■ **What to produce**:
Find all the lines in the material below with the word "participant", and copy them.
····················
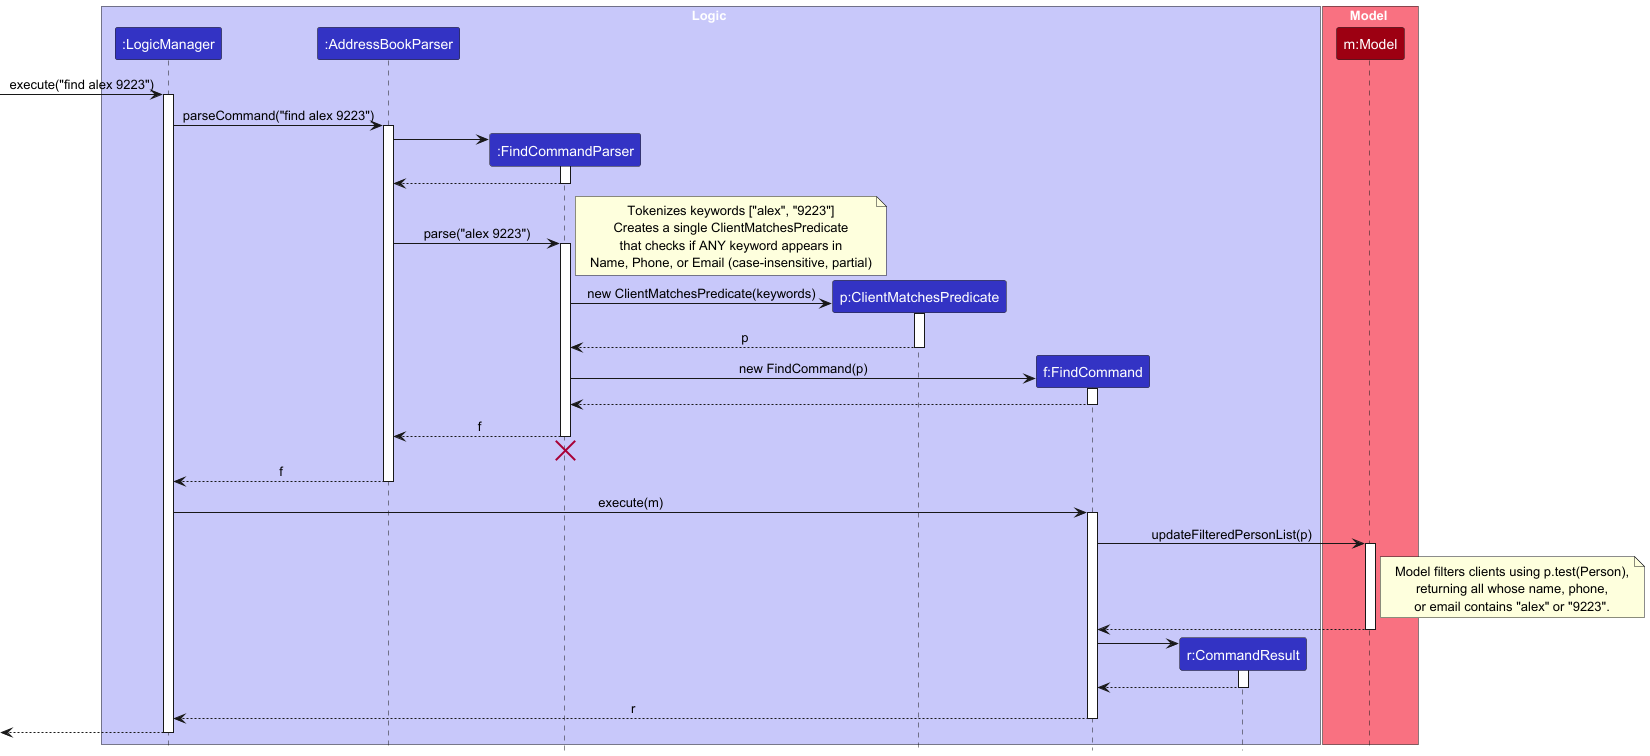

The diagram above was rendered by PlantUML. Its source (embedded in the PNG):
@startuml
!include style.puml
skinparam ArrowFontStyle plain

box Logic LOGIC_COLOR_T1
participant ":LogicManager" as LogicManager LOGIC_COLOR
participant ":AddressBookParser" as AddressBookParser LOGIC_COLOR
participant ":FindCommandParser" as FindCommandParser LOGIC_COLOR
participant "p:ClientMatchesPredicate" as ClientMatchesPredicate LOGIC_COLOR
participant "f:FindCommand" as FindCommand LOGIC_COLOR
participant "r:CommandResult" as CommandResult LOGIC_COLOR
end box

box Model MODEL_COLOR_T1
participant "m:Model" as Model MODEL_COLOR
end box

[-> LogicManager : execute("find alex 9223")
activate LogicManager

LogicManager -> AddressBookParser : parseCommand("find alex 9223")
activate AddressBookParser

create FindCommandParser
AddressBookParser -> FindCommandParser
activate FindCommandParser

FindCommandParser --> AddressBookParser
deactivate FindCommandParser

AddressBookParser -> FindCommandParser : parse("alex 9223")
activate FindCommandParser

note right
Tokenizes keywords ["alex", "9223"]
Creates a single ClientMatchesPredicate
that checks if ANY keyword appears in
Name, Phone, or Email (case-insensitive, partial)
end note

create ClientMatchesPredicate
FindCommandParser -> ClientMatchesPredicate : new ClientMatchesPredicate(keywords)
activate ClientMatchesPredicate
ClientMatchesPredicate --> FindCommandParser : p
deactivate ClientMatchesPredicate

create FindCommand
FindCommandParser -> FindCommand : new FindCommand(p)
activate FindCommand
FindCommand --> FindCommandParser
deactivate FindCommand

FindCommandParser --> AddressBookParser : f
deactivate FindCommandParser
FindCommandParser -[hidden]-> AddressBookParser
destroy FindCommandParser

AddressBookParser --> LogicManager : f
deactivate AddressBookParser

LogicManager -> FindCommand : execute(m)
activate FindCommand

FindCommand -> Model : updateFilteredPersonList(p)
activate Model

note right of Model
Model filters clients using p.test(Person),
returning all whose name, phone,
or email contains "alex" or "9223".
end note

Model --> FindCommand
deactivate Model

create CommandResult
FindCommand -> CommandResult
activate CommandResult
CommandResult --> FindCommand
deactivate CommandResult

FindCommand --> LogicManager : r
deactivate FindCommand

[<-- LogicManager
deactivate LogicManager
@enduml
····················
■ **Task result**:
participant ":LogicManager" as LogicManager LOGIC_COLOR
participant ":AddressBookParser" as AddressBookParser LOGIC_COLOR
participant ":FindCommandParser" as FindCommandParser LOGIC_COLOR
participant "p:ClientMatchesPredicate" as ClientMatchesPredicate LOGIC_COLOR
participant "f:FindCommand" as FindCommand LOGIC_COLOR
participant "r:CommandResult" as CommandResult LOGIC_COLOR
participant "m:Model" as Model MODEL_COLOR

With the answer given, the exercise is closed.